Wear ear protection when exposed to loud or potentially damaging noise. Environments to be conscious of include; a noisy workplace, heavy traffic, rock concerts, hunting, mowing the lawn, snow blowing the driveway, using a chainsaw, etc. Cotton in the ears will do nothing to protect your hearing from loud noises. Effective hearing protection includes ear muffs and custom ear protection. Advanced Hearing Aid Clinic and Advanced Hearing and Balance Institute offers a wide variety of ear protective devices, both custom and over-the-counter. Ear protective devices are a wise investment. Audiologists at our clinics assess the effectiveness of the earmolds that we sell by measuring the true noise reduction values at each frequency with Real Ear Measurements. See the section Custom Ear Protection on this website for further information.

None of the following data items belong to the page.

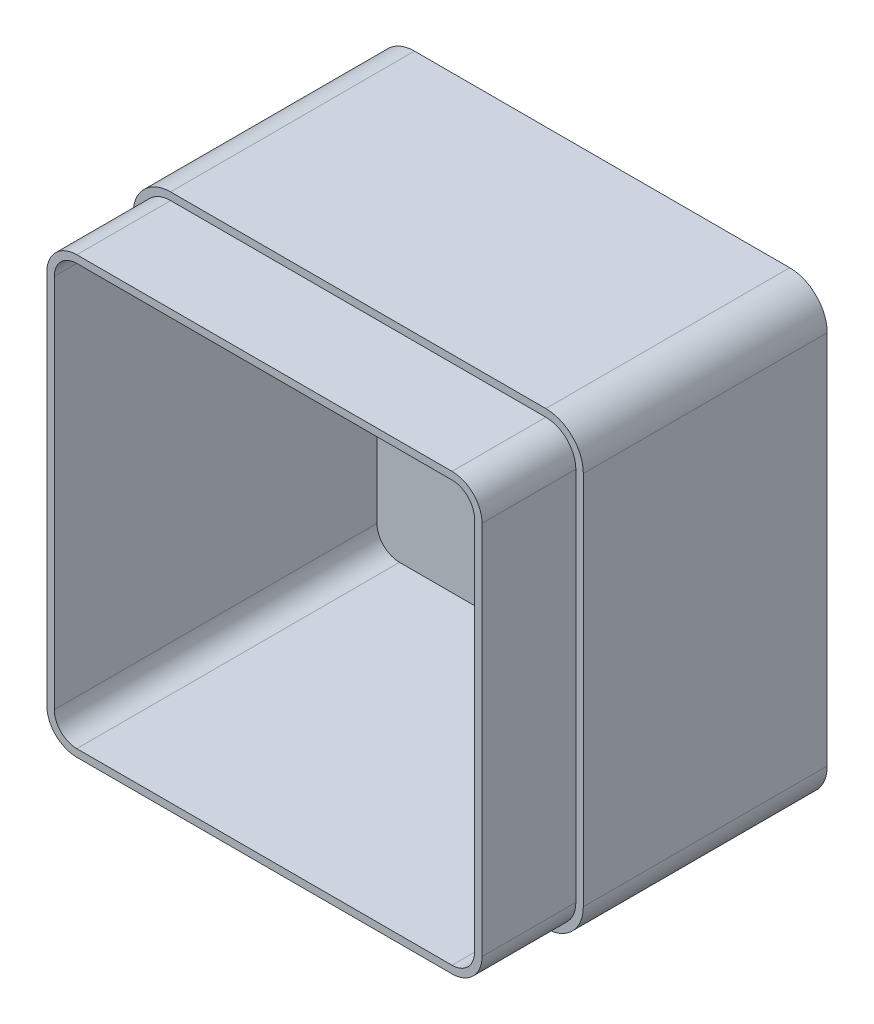
ISO-10303-21;
HEADER;
FILE_DESCRIPTION(('STEP AP214'),'2;1');
FILE_NAME('part.step','',(''),(''),'','','');
FILE_SCHEMA(('AUTOMOTIVE_DESIGN { 1 0 10303 214 1 1 1 1 }'));
ENDSEC;
DATA;
#1=APPLICATION_CONTEXT('core data for automotive mechanical design processes');
#2=APPLICATION_PROTOCOL_DEFINITION('international standard','automotive_design',2000,#1);
#3=PRODUCT_CONTEXT('',#1,'mechanical');
#4=PRODUCT('Part','Part','',(#3));
#5=PRODUCT_RELATED_PRODUCT_CATEGORY('part','',(#4));
#6=PRODUCT_DEFINITION_FORMATION('','',#4);
#7=PRODUCT_DEFINITION_CONTEXT('part definition',#1,'design');
#8=PRODUCT_DEFINITION('design','',#6,#7);
#9=PRODUCT_DEFINITION_SHAPE('','',#8);
#10=(LENGTH_UNIT() NAMED_UNIT(*) SI_UNIT(.MILLI.,.METRE.));
#11=(NAMED_UNIT(*) PLANE_ANGLE_UNIT() SI_UNIT($,.RADIAN.));
#12=(NAMED_UNIT(*) SI_UNIT($,.STERADIAN.) SOLID_ANGLE_UNIT());
#13=UNCERTAINTY_MEASURE_WITH_UNIT(LENGTH_MEASURE(1.E-05),#10,'distance_accuracy_value','');
#14=(GEOMETRIC_REPRESENTATION_CONTEXT(3) GLOBAL_UNCERTAINTY_ASSIGNED_CONTEXT((#13)) GLOBAL_UNIT_ASSIGNED_CONTEXT((#10,
#11,#12)) REPRESENTATION_CONTEXT('',''));
#15=CARTESIAN_POINT('',(0.,0.,0.));
#16=DIRECTION('',(0.,0.,1.));
#17=DIRECTION('',(1.,0.,0.));
#18=AXIS2_PLACEMENT_3D('',#15,#16,#17);
#19=CARTESIAN_POINT('',(0.,120.,90.));
#20=DIRECTION('',(0.,0.,-1.));
#21=DIRECTION('',(-1.,0.,0.));
#22=AXIS2_PLACEMENT_3D('',#19,#20,#21);
#23=PLANE('',#22);
#24=DIRECTION('',(1.,0.,0.));
#25=VECTOR('',#24,1.);
#26=CARTESIAN_POINT('',(0.,4.,90.));
#27=LINE('',#26,#25);
#28=CARTESIAN_POINT('',(9.99999999999999,4.,90.));
#29=VERTEX_POINT('',#28);
#30=CARTESIAN_POINT('',(110.,4.,90.));
#31=VERTEX_POINT('',#30);
#32=EDGE_CURVE('E327',#29,#31,#27,.T.);
#33=ORIENTED_EDGE('',*,*,#32,.F.);
#34=CARTESIAN_POINT('',(9.99999999999999,10.,90.));
#35=DIRECTION('',(0.,0.,-1.));
#36=DIRECTION('',(-1.,0.,0.));
#37=AXIS2_PLACEMENT_3D('',#34,#35,#36);
#38=CIRCLE('',#37,6.);
#39=CARTESIAN_POINT('',(4.,10.,90.));
#40=VERTEX_POINT('',#39);
#41=EDGE_CURVE('E328',#40,#29,#38,.F.);
#42=ORIENTED_EDGE('',*,*,#41,.F.);
#43=DIRECTION('',(0.,-1.,0.));
#44=VECTOR('',#43,1.);
#45=CARTESIAN_POINT('',(3.99999999999997,120.,90.));
#46=LINE('',#45,#44);
#47=CARTESIAN_POINT('',(3.99999999999997,110.,90.));
#48=VERTEX_POINT('',#47);
#49=EDGE_CURVE('E309',#48,#40,#46,.T.);
#50=ORIENTED_EDGE('',*,*,#49,.F.);
#51=CARTESIAN_POINT('',(9.99999999999997,110.,90.));
#52=DIRECTION('',(0.,0.,-1.));
#53=DIRECTION('',(-1.,0.,0.));
#54=AXIS2_PLACEMENT_3D('',#51,#52,#53);
#55=CIRCLE('',#54,6.);
#56=CARTESIAN_POINT('',(9.99999999999997,116.,90.));
#57=VERTEX_POINT('',#56);
#58=EDGE_CURVE('E313',#57,#48,#55,.F.);
#59=ORIENTED_EDGE('',*,*,#58,.F.);
#60=DIRECTION('',(-1.,0.,0.));
#61=VECTOR('',#60,1.);
#62=CARTESIAN_POINT('',(0.,116.,90.));
#63=LINE('',#62,#61);
#64=CARTESIAN_POINT('',(110.,116.,90.));
#65=VERTEX_POINT('',#64);
#66=EDGE_CURVE('E320',#65,#57,#63,.T.);
#67=ORIENTED_EDGE('',*,*,#66,.F.);
#68=CARTESIAN_POINT('',(110.,110.,90.));
#69=DIRECTION('',(0.,0.,-1.));
#70=DIRECTION('',(-1.,0.,0.));
#71=AXIS2_PLACEMENT_3D('',#68,#69,#70);
#72=CIRCLE('',#71,6.);
#73=CARTESIAN_POINT('',(116.,110.,90.));
#74=VERTEX_POINT('',#73);
#75=EDGE_CURVE('E330',#74,#65,#72,.F.);
#76=ORIENTED_EDGE('',*,*,#75,.F.);
#77=DIRECTION('',(0.,1.,0.));
#78=VECTOR('',#77,1.);
#79=CARTESIAN_POINT('',(116.,120.,90.));
#80=LINE('',#79,#78);
#81=CARTESIAN_POINT('',(116.,10.,90.));
#82=VERTEX_POINT('',#81);
#83=EDGE_CURVE('E333',#82,#74,#80,.T.);
#84=ORIENTED_EDGE('',*,*,#83,.F.);
#85=CARTESIAN_POINT('',(110.,10.,90.));
#86=DIRECTION('',(0.,0.,-1.));
#87=DIRECTION('',(-1.,0.,0.));
#88=AXIS2_PLACEMENT_3D('',#85,#86,#87);
#89=CIRCLE('',#88,6.);
#90=EDGE_CURVE('E291',#31,#82,#89,.F.);
#91=ORIENTED_EDGE('',*,*,#90,.F.);
#92=EDGE_LOOP('',(#33,#42,#50,#59,#67,#76,#84,#91));
#93=FACE_BOUND('',#92,.T.);
#94=CARTESIAN_POINT('',(9.99999999999999,10.,90.));
#95=DIRECTION('',(0.,0.,1.));
#96=DIRECTION('',(1.,0.,0.));
#97=AXIS2_PLACEMENT_3D('',#94,#95,#96);
#98=CIRCLE('',#97,8.);
#99=CARTESIAN_POINT('',(2.,9.99999999999999,90.));
#100=VERTEX_POINT('',#99);
#101=CARTESIAN_POINT('',(9.99999999999999,2.,90.));
#102=VERTEX_POINT('',#101);
#103=EDGE_CURVE('E237',#100,#102,#98,.T.);
#104=ORIENTED_EDGE('',*,*,#103,.T.);
#105=DIRECTION('',(1.,0.,0.));
#106=VECTOR('',#105,1.);
#107=CARTESIAN_POINT('',(9.99999999999999,2.,90.));
#108=LINE('',#107,#106);
#109=CARTESIAN_POINT('',(110.,2.,90.));
#110=VERTEX_POINT('',#109);
#111=EDGE_CURVE('E197',#102,#110,#108,.T.);
#112=ORIENTED_EDGE('',*,*,#111,.T.);
#113=CARTESIAN_POINT('',(110.,10.,90.));
#114=DIRECTION('',(0.,0.,1.));
#115=DIRECTION('',(1.,0.,0.));
#116=AXIS2_PLACEMENT_3D('',#113,#114,#115);
#117=CIRCLE('',#116,7.99999999999999);
#118=CARTESIAN_POINT('',(118.,10.,90.));
#119=VERTEX_POINT('',#118);
#120=EDGE_CURVE('E46',#110,#119,#117,.T.);
#121=ORIENTED_EDGE('',*,*,#120,.T.);
#122=DIRECTION('',(0.,1.,0.));
#123=VECTOR('',#122,1.);
#124=CARTESIAN_POINT('',(118.,10.,90.));
#125=LINE('',#124,#123);
#126=CARTESIAN_POINT('',(118.,110.,90.));
#127=VERTEX_POINT('',#126);
#128=EDGE_CURVE('E241',#119,#127,#125,.T.);
#129=ORIENTED_EDGE('',*,*,#128,.T.);
#130=CARTESIAN_POINT('',(110.,110.,90.));
#131=DIRECTION('',(0.,0.,1.));
#132=DIRECTION('',(1.,0.,0.));
#133=AXIS2_PLACEMENT_3D('',#130,#131,#132);
#134=CIRCLE('',#133,7.99999999999999);
#135=CARTESIAN_POINT('',(110.,118.,90.));
#136=VERTEX_POINT('',#135);
#137=EDGE_CURVE('E244',#127,#136,#134,.T.);
#138=ORIENTED_EDGE('',*,*,#137,.T.);
#139=DIRECTION('',(-1.,0.,0.));
#140=VECTOR('',#139,1.);
#141=CARTESIAN_POINT('',(110.,118.,90.));
#142=LINE('',#141,#140);
#143=CARTESIAN_POINT('',(9.99999999999997,118.,90.));
#144=VERTEX_POINT('',#143);
#145=EDGE_CURVE('E247',#136,#144,#142,.T.);
#146=ORIENTED_EDGE('',*,*,#145,.T.);
#147=CARTESIAN_POINT('',(9.99999999999997,110.,90.));
#148=DIRECTION('',(0.,0.,1.));
#149=DIRECTION('',(1.,0.,0.));
#150=AXIS2_PLACEMENT_3D('',#147,#148,#149);
#151=CIRCLE('',#150,7.99999999999999);
#152=CARTESIAN_POINT('',(1.99999999999998,110.,90.));
#153=VERTEX_POINT('',#152);
#154=EDGE_CURVE('E220',#144,#153,#151,.T.);
#155=ORIENTED_EDGE('',*,*,#154,.T.);
#156=DIRECTION('',(0.,-1.,0.));
#157=VECTOR('',#156,1.);
#158=CARTESIAN_POINT('',(1.99999999999998,110.,90.));
#159=LINE('',#158,#157);
#160=EDGE_CURVE('E217',#153,#100,#159,.T.);
#161=ORIENTED_EDGE('',*,*,#160,.T.);
#162=EDGE_LOOP('',(#104,#112,#121,#129,#138,#146,#155,#161));
#163=FACE_BOUND('',#162,.T.);
#164=ADVANCED_FACE('F31',(#93,#163),#23,.F.);
#165=CARTESIAN_POINT('',(4.,0.,90.));
#166=DIRECTION('',(1.,0.,0.));
#167=DIRECTION('',(0.,1.,0.));
#168=AXIS2_PLACEMENT_3D('',#165,#166,#167);
#169=PLANE('',#168);
#170=DIRECTION('',(0.,-1.,0.));
#171=VECTOR('',#170,1.);
#172=CARTESIAN_POINT('',(3.99999999999997,120.,4.));
#173=LINE('',#172,#171);
#174=CARTESIAN_POINT('',(3.99999999999997,110.,4.));
#175=VERTEX_POINT('',#174);
#176=CARTESIAN_POINT('',(4.,10.,4.));
#177=VERTEX_POINT('',#176);
#178=EDGE_CURVE('E280',#175,#177,#173,.T.);
#179=ORIENTED_EDGE('',*,*,#178,.F.);
#180=DIRECTION('',(0.,0.,1.));
#181=VECTOR('',#180,1.);
#182=CARTESIAN_POINT('',(3.99999999999997,110.,90.));
#183=LINE('',#182,#181);
#184=EDGE_CURVE('E288',#48,#175,#183,.F.);
#185=ORIENTED_EDGE('',*,*,#184,.F.);
#186=ORIENTED_EDGE('',*,*,#49,.T.);
#187=DIRECTION('',(0.,0.,1.));
#188=VECTOR('',#187,1.);
#189=CARTESIAN_POINT('',(4.,10.,90.));
#190=LINE('',#189,#188);
#191=EDGE_CURVE('E284',#177,#40,#190,.T.);
#192=ORIENTED_EDGE('',*,*,#191,.F.);
#193=EDGE_LOOP('',(#179,#185,#186,#192));
#194=FACE_BOUND('',#193,.T.);
#195=ADVANCED_FACE('F424',(#194),#169,.T.);
#196=CARTESIAN_POINT('',(0.,4.,90.));
#197=DIRECTION('',(0.,1.,0.));
#198=DIRECTION('',(0.,0.,1.));
#199=AXIS2_PLACEMENT_3D('',#196,#197,#198);
#200=PLANE('',#199);
#201=DIRECTION('',(1.,0.,0.));
#202=VECTOR('',#201,1.);
#203=CARTESIAN_POINT('',(0.,4.,4.));
#204=LINE('',#203,#202);
#205=CARTESIAN_POINT('',(9.99999999999999,4.,4.));
#206=VERTEX_POINT('',#205);
#207=CARTESIAN_POINT('',(110.,4.,4.));
#208=VERTEX_POINT('',#207);
#209=EDGE_CURVE('E283',#206,#208,#204,.T.);
#210=ORIENTED_EDGE('',*,*,#209,.F.);
#211=DIRECTION('',(0.,0.,1.));
#212=VECTOR('',#211,1.);
#213=CARTESIAN_POINT('',(9.99999999999999,4.,90.));
#214=LINE('',#213,#212);
#215=EDGE_CURVE('E298',#29,#206,#214,.F.);
#216=ORIENTED_EDGE('',*,*,#215,.F.);
#217=ORIENTED_EDGE('',*,*,#32,.T.);
#218=DIRECTION('',(0.,0.,1.));
#219=VECTOR('',#218,1.);
#220=CARTESIAN_POINT('',(110.,4.,90.));
#221=LINE('',#220,#219);
#222=EDGE_CURVE('E311',#208,#31,#221,.T.);
#223=ORIENTED_EDGE('',*,*,#222,.F.);
#224=EDGE_LOOP('',(#210,#216,#217,#223));
#225=FACE_BOUND('',#224,.T.);
#226=ADVANCED_FACE('F430',(#225),#200,.T.);
#227=CARTESIAN_POINT('',(116.,0.,90.));
#228=DIRECTION('',(-1.,0.,0.));
#229=DIRECTION('',(0.,-1.,0.));
#230=AXIS2_PLACEMENT_3D('',#227,#228,#229);
#231=PLANE('',#230);
#232=ORIENTED_EDGE('',*,*,#83,.T.);
#233=DIRECTION('',(0.,0.,1.));
#234=VECTOR('',#233,1.);
#235=CARTESIAN_POINT('',(116.,110.,90.));
#236=LINE('',#235,#234);
#237=CARTESIAN_POINT('',(116.,110.,4.));
#238=VERTEX_POINT('',#237);
#239=EDGE_CURVE('E318',#238,#74,#236,.T.);
#240=ORIENTED_EDGE('',*,*,#239,.F.);
#241=DIRECTION('',(0.,1.,0.));
#242=VECTOR('',#241,1.);
#243=CARTESIAN_POINT('',(116.,120.,4.));
#244=LINE('',#243,#242);
#245=CARTESIAN_POINT('',(116.,10.,4.));
#246=VERTEX_POINT('',#245);
#247=EDGE_CURVE('E292',#246,#238,#244,.T.);
#248=ORIENTED_EDGE('',*,*,#247,.F.);
#249=DIRECTION('',(0.,0.,1.));
#250=VECTOR('',#249,1.);
#251=CARTESIAN_POINT('',(116.,10.,90.));
#252=LINE('',#251,#250);
#253=EDGE_CURVE('E306',#82,#246,#252,.F.);
#254=ORIENTED_EDGE('',*,*,#253,.F.);
#255=EDGE_LOOP('',(#232,#240,#248,#254));
#256=FACE_BOUND('',#255,.T.);
#257=ADVANCED_FACE('F590',(#256),#231,.T.);
#258=CARTESIAN_POINT('',(0.,116.,90.));
#259=DIRECTION('',(0.,-1.,0.));
#260=DIRECTION('',(0.,0.,-1.));
#261=AXIS2_PLACEMENT_3D('',#258,#259,#260);
#262=PLANE('',#261);
#263=ORIENTED_EDGE('',*,*,#66,.T.);
#264=DIRECTION('',(0.,0.,-1.));
#265=VECTOR('',#264,1.);
#266=CARTESIAN_POINT('',(9.99999999999997,116.,90.));
#267=LINE('',#266,#265);
#268=CARTESIAN_POINT('',(9.99999999999997,116.,4.));
#269=VERTEX_POINT('',#268);
#270=EDGE_CURVE('E287',#269,#57,#267,.F.);
#271=ORIENTED_EDGE('',*,*,#270,.F.);
#272=DIRECTION('',(-1.,0.,0.));
#273=VECTOR('',#272,1.);
#274=CARTESIAN_POINT('',(0.,116.,4.));
#275=LINE('',#274,#273);
#276=CARTESIAN_POINT('',(110.,116.,4.));
#277=VERTEX_POINT('',#276);
#278=EDGE_CURVE('E295',#277,#269,#275,.T.);
#279=ORIENTED_EDGE('',*,*,#278,.F.);
#280=DIRECTION('',(0.,0.,-1.));
#281=VECTOR('',#280,1.);
#282=CARTESIAN_POINT('',(110.,116.,90.));
#283=LINE('',#282,#281);
#284=EDGE_CURVE('E321',#65,#277,#283,.T.);
#285=ORIENTED_EDGE('',*,*,#284,.F.);
#286=EDGE_LOOP('',(#263,#271,#279,#285));
#287=FACE_BOUND('',#286,.T.);
#288=ADVANCED_FACE('F600',(#287),#262,.T.);
#289=CARTESIAN_POINT('',(0.,120.,4.));
#290=DIRECTION('',(0.,0.,-1.));
#291=DIRECTION('',(-1.,0.,0.));
#292=AXIS2_PLACEMENT_3D('',#289,#290,#291);
#293=PLANE('',#292);
#294=ORIENTED_EDGE('',*,*,#247,.T.);
#295=CARTESIAN_POINT('',(110.,110.,4.));
#296=DIRECTION('',(0.,0.,-1.));
#297=DIRECTION('',(-1.,0.,0.));
#298=AXIS2_PLACEMENT_3D('',#295,#296,#297);
#299=CIRCLE('',#298,6.);
#300=EDGE_CURVE('E303',#277,#238,#299,.T.);
#301=ORIENTED_EDGE('',*,*,#300,.F.);
#302=ORIENTED_EDGE('',*,*,#278,.T.);
#303=CARTESIAN_POINT('',(9.99999999999997,110.,4.));
#304=DIRECTION('',(0.,0.,-1.));
#305=DIRECTION('',(-1.,0.,0.));
#306=AXIS2_PLACEMENT_3D('',#303,#304,#305);
#307=CIRCLE('',#306,6.);
#308=EDGE_CURVE('E304',#175,#269,#307,.T.);
#309=ORIENTED_EDGE('',*,*,#308,.F.);
#310=ORIENTED_EDGE('',*,*,#178,.T.);
#311=CARTESIAN_POINT('',(9.99999999999999,10.,4.));
#312=DIRECTION('',(0.,0.,-1.));
#313=DIRECTION('',(-1.,0.,0.));
#314=AXIS2_PLACEMENT_3D('',#311,#312,#313);
#315=CIRCLE('',#314,6.);
#316=EDGE_CURVE('E299',#206,#177,#315,.T.);
#317=ORIENTED_EDGE('',*,*,#316,.F.);
#318=ORIENTED_EDGE('',*,*,#209,.T.);
#319=CARTESIAN_POINT('',(110.,10.,4.));
#320=DIRECTION('',(0.,0.,-1.));
#321=DIRECTION('',(-1.,0.,0.));
#322=AXIS2_PLACEMENT_3D('',#319,#320,#321);
#323=CIRCLE('',#322,6.);
#324=EDGE_CURVE('E296',#246,#208,#323,.T.);
#325=ORIENTED_EDGE('',*,*,#324,.F.);
#326=EDGE_LOOP('',(#294,#301,#302,#309,#310,#317,#318,#325));
#327=FACE_BOUND('',#326,.T.);
#328=ADVANCED_FACE('F610',(#327),#293,.F.);
#329=CARTESIAN_POINT('',(110.,10.,90.));
#330=DIRECTION('',(0.,0.,-1.));
#331=DIRECTION('',(-1.,0.,0.));
#332=AXIS2_PLACEMENT_3D('',#329,#330,#331);
#333=CYLINDRICAL_SURFACE('',#332,6.);
#334=ORIENTED_EDGE('',*,*,#90,.T.);
#335=ORIENTED_EDGE('',*,*,#253,.T.);
#336=ORIENTED_EDGE('',*,*,#324,.T.);
#337=ORIENTED_EDGE('',*,*,#222,.T.);
#338=EDGE_LOOP('',(#334,#335,#336,#337));
#339=FACE_BOUND('',#338,.T.);
#340=ADVANCED_FACE('F620',(#339),#333,.F.);
#341=CARTESIAN_POINT('',(9.99999999999999,10.,90.));
#342=DIRECTION('',(0.,0.,-1.));
#343=DIRECTION('',(-1.,0.,0.));
#344=AXIS2_PLACEMENT_3D('',#341,#342,#343);
#345=CYLINDRICAL_SURFACE('',#344,6.);
#346=ORIENTED_EDGE('',*,*,#41,.T.);
#347=ORIENTED_EDGE('',*,*,#215,.T.);
#348=ORIENTED_EDGE('',*,*,#316,.T.);
#349=ORIENTED_EDGE('',*,*,#191,.T.);
#350=EDGE_LOOP('',(#346,#347,#348,#349));
#351=FACE_BOUND('',#350,.T.);
#352=ADVANCED_FACE('F630',(#351),#345,.F.);
#353=CARTESIAN_POINT('',(110.,110.,90.));
#354=DIRECTION('',(0.,0.,-1.));
#355=DIRECTION('',(-1.,0.,0.));
#356=AXIS2_PLACEMENT_3D('',#353,#354,#355);
#357=CYLINDRICAL_SURFACE('',#356,6.);
#358=ORIENTED_EDGE('',*,*,#75,.T.);
#359=ORIENTED_EDGE('',*,*,#284,.T.);
#360=ORIENTED_EDGE('',*,*,#300,.T.);
#361=ORIENTED_EDGE('',*,*,#239,.T.);
#362=EDGE_LOOP('',(#358,#359,#360,#361));
#363=FACE_BOUND('',#362,.T.);
#364=ADVANCED_FACE('F640',(#363),#357,.F.);
#365=CARTESIAN_POINT('',(9.99999999999997,110.,90.));
#366=DIRECTION('',(0.,0.,-1.));
#367=DIRECTION('',(-1.,0.,0.));
#368=AXIS2_PLACEMENT_3D('',#365,#366,#367);
#369=CYLINDRICAL_SURFACE('',#368,6.);
#370=ORIENTED_EDGE('',*,*,#58,.T.);
#371=ORIENTED_EDGE('',*,*,#184,.T.);
#372=ORIENTED_EDGE('',*,*,#308,.T.);
#373=ORIENTED_EDGE('',*,*,#270,.T.);
#374=EDGE_LOOP('',(#370,#371,#372,#373));
#375=FACE_BOUND('',#374,.T.);
#376=ADVANCED_FACE('F437',(#375),#369,.F.);
#377=CARTESIAN_POINT('',(60.,60.,65.));
#378=DIRECTION('',(0.,0.,1.));
#379=DIRECTION('',(1.,0.,0.));
#380=AXIS2_PLACEMENT_3D('',#377,#378,#379);
#381=PLANE('',#380);
#382=DIRECTION('',(0.,1.,0.));
#383=VECTOR('',#382,1.);
#384=CARTESIAN_POINT('',(120.,0.,65.));
#385=LINE('',#384,#383);
#386=CARTESIAN_POINT('',(120.,10.,65.));
#387=VERTEX_POINT('',#386);
#388=CARTESIAN_POINT('',(120.,110.,65.));
#389=VERTEX_POINT('',#388);
#390=EDGE_CURVE('E273',#387,#389,#385,.T.);
#391=ORIENTED_EDGE('',*,*,#390,.T.);
#392=CARTESIAN_POINT('',(110.,110.,65.));
#393=DIRECTION('',(0.,0.,1.));
#394=DIRECTION('',(1.,0.,0.));
#395=AXIS2_PLACEMENT_3D('',#392,#393,#394);
#396=CIRCLE('',#395,10.);
#397=CARTESIAN_POINT('',(110.,120.,65.));
#398=VERTEX_POINT('',#397);
#399=EDGE_CURVE('E267',#398,#389,#396,.F.);
#400=ORIENTED_EDGE('',*,*,#399,.F.);
#401=DIRECTION('',(-1.,0.,0.));
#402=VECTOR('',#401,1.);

It is essential that you limit your periods of noise exposure. Try to avoid sitting next to the
speakers at concerts, nightclubs, or auditoriums.

One in three individuals owns an iPod or MP3 stereo. When using stereo headsets or listening to music on a stereo, try to decrease the volume and keep it at a safe level. If a friend can hear the music from your headphones and they are standing three feet away, the volume is too loud. You are more likely to keep the sound at a manageable level using iPods or MP3s with a custom made plug as it blocks out the ambient background noise.

When purchasing recreational equipment, children’s toys, household appliances, power tools, MP3/iPods, hairdryers, etc., look for a noise rating. Choose quieter models, especially for the equipment that is most often used. It is especially important to check for noise level ratings on children’s toys. Children often hold toys close to their ears. There is much current research on the increased susceptibility of hearing loss in younger ears. Interestingly, Advanced Hearing Aid Clinic did a cursory study of Noisy Toys in conjunction with the Ottawa Sun, which made front-page news. We have remained staunch advocates for the passing of acceptable limits for children’s toys in Canada.